### EXTRACTED MATERIAL
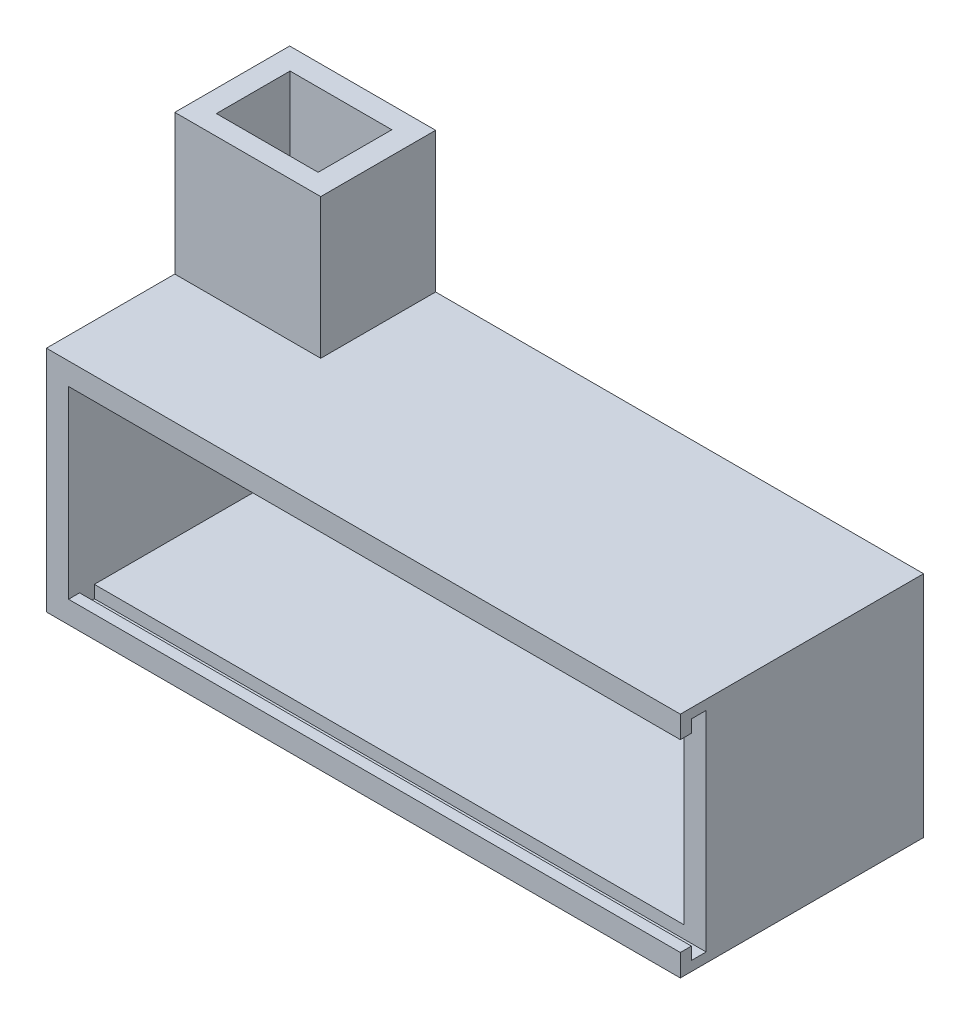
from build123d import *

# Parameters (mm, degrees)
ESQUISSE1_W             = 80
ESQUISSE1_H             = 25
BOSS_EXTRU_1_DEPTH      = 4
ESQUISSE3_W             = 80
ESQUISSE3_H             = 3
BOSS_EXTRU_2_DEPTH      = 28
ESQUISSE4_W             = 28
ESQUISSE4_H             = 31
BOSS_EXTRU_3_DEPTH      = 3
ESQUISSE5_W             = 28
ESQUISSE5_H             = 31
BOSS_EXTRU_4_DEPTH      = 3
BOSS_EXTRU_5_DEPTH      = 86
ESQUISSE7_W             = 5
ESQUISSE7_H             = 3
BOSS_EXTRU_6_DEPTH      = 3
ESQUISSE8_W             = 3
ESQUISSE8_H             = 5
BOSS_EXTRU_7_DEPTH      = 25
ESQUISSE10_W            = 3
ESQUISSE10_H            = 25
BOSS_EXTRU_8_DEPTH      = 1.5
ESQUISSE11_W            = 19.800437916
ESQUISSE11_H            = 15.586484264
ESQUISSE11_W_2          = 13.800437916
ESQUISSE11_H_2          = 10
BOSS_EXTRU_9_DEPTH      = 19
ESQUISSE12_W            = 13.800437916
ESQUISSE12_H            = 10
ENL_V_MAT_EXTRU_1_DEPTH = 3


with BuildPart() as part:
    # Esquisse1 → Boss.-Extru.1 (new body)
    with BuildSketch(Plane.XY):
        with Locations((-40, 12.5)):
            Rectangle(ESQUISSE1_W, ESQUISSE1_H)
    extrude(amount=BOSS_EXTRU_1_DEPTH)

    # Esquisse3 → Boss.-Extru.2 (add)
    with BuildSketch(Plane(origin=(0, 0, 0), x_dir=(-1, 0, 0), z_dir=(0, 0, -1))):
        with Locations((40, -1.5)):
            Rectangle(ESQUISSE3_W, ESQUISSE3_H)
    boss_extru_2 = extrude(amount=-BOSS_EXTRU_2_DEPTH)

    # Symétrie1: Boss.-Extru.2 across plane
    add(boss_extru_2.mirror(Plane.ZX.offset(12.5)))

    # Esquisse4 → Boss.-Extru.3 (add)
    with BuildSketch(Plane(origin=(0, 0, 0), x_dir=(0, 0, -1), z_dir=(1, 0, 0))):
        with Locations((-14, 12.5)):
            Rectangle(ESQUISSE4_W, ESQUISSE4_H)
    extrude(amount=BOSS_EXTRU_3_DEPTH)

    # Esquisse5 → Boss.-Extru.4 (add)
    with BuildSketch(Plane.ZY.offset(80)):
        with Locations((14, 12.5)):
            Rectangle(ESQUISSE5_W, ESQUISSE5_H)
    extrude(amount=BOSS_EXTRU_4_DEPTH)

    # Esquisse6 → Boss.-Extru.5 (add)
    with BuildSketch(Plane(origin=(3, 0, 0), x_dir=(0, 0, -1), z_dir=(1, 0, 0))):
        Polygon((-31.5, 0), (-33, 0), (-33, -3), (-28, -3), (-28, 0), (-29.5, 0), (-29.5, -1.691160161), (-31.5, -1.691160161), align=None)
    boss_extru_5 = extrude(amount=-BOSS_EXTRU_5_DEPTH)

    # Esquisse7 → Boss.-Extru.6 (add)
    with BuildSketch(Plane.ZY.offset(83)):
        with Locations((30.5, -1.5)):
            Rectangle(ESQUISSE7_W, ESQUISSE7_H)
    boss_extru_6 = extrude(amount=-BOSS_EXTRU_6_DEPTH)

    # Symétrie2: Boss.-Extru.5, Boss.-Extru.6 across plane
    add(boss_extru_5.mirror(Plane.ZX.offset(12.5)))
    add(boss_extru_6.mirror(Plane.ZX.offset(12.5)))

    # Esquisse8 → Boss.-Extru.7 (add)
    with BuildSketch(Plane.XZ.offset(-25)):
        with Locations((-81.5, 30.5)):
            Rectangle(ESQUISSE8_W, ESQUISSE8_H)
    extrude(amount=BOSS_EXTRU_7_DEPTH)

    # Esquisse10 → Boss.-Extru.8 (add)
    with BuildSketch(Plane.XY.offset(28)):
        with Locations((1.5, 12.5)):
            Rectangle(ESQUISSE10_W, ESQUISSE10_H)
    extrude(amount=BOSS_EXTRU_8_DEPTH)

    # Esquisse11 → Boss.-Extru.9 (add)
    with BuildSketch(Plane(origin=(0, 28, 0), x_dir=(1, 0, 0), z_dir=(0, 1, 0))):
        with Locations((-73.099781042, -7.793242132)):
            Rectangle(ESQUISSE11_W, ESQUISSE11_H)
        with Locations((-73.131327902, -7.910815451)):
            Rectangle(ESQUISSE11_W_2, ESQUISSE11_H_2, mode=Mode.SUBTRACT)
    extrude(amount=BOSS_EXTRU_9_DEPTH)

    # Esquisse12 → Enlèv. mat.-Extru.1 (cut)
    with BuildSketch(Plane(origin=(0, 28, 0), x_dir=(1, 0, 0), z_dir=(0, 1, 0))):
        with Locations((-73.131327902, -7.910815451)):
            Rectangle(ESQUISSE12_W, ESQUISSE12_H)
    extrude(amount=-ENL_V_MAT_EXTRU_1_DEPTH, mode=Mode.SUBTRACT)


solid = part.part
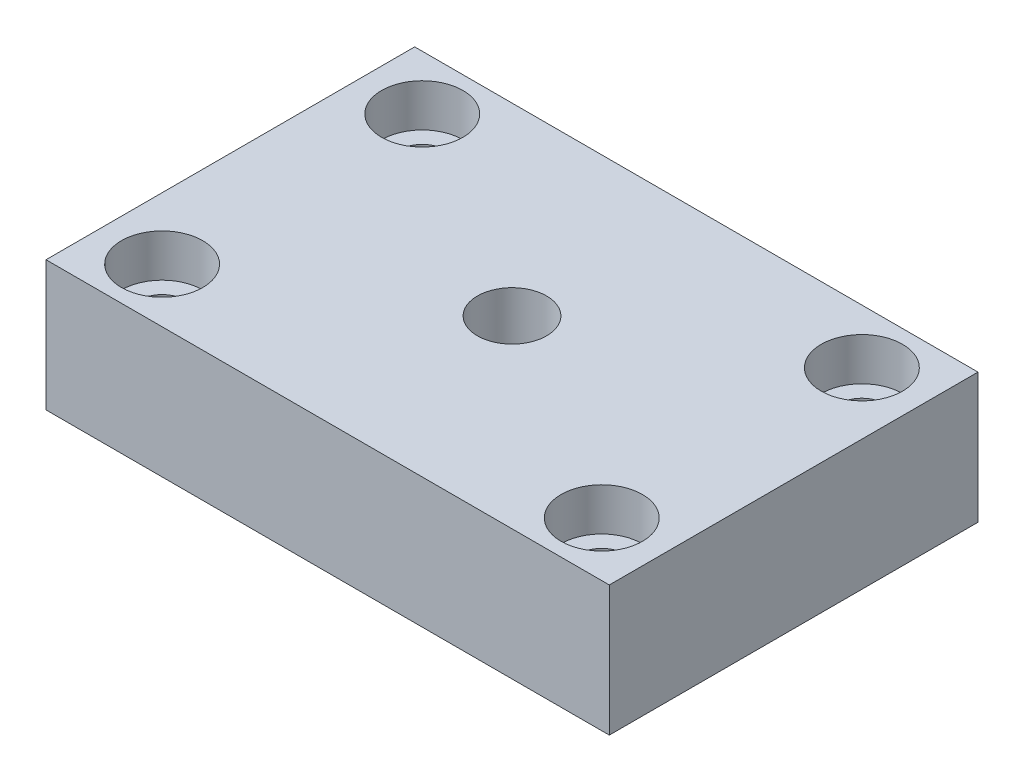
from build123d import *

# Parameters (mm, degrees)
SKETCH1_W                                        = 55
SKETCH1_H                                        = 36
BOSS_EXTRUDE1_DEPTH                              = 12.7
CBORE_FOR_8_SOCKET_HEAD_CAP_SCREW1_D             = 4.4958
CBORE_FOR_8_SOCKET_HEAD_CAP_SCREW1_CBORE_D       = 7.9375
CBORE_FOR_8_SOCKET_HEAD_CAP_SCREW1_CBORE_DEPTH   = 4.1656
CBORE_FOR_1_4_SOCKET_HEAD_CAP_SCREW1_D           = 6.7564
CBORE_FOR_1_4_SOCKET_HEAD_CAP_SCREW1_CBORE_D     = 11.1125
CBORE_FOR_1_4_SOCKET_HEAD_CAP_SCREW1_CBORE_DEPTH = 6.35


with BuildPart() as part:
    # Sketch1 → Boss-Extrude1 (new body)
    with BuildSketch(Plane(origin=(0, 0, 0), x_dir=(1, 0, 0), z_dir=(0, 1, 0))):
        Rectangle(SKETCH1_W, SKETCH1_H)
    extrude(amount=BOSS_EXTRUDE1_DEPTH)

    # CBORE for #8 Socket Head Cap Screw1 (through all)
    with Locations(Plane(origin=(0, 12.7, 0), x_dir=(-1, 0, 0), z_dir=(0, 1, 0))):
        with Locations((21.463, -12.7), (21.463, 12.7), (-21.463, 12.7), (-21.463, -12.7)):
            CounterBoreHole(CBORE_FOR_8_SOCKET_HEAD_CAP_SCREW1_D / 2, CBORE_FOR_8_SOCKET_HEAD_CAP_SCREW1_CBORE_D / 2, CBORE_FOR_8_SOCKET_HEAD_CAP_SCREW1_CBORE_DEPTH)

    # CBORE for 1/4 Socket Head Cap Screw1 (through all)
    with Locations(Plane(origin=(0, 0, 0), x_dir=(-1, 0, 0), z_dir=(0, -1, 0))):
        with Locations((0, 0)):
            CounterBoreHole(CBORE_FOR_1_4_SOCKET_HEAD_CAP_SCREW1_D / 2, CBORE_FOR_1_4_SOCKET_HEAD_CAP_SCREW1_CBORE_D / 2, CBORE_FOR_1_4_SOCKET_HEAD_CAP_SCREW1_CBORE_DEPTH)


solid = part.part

### TASK
All lines above containing the string "mode": copy each one.

### PROBLEM SOLUTION
            Rectangle(ESQUISSE11_W_2, ESQUISSE11_H_2, mode=Mode.SUBTRACT)
    extrude(amount=-ENL_V_MAT_EXTRU_1_DEPTH, mode=Mode.SUBTRACT)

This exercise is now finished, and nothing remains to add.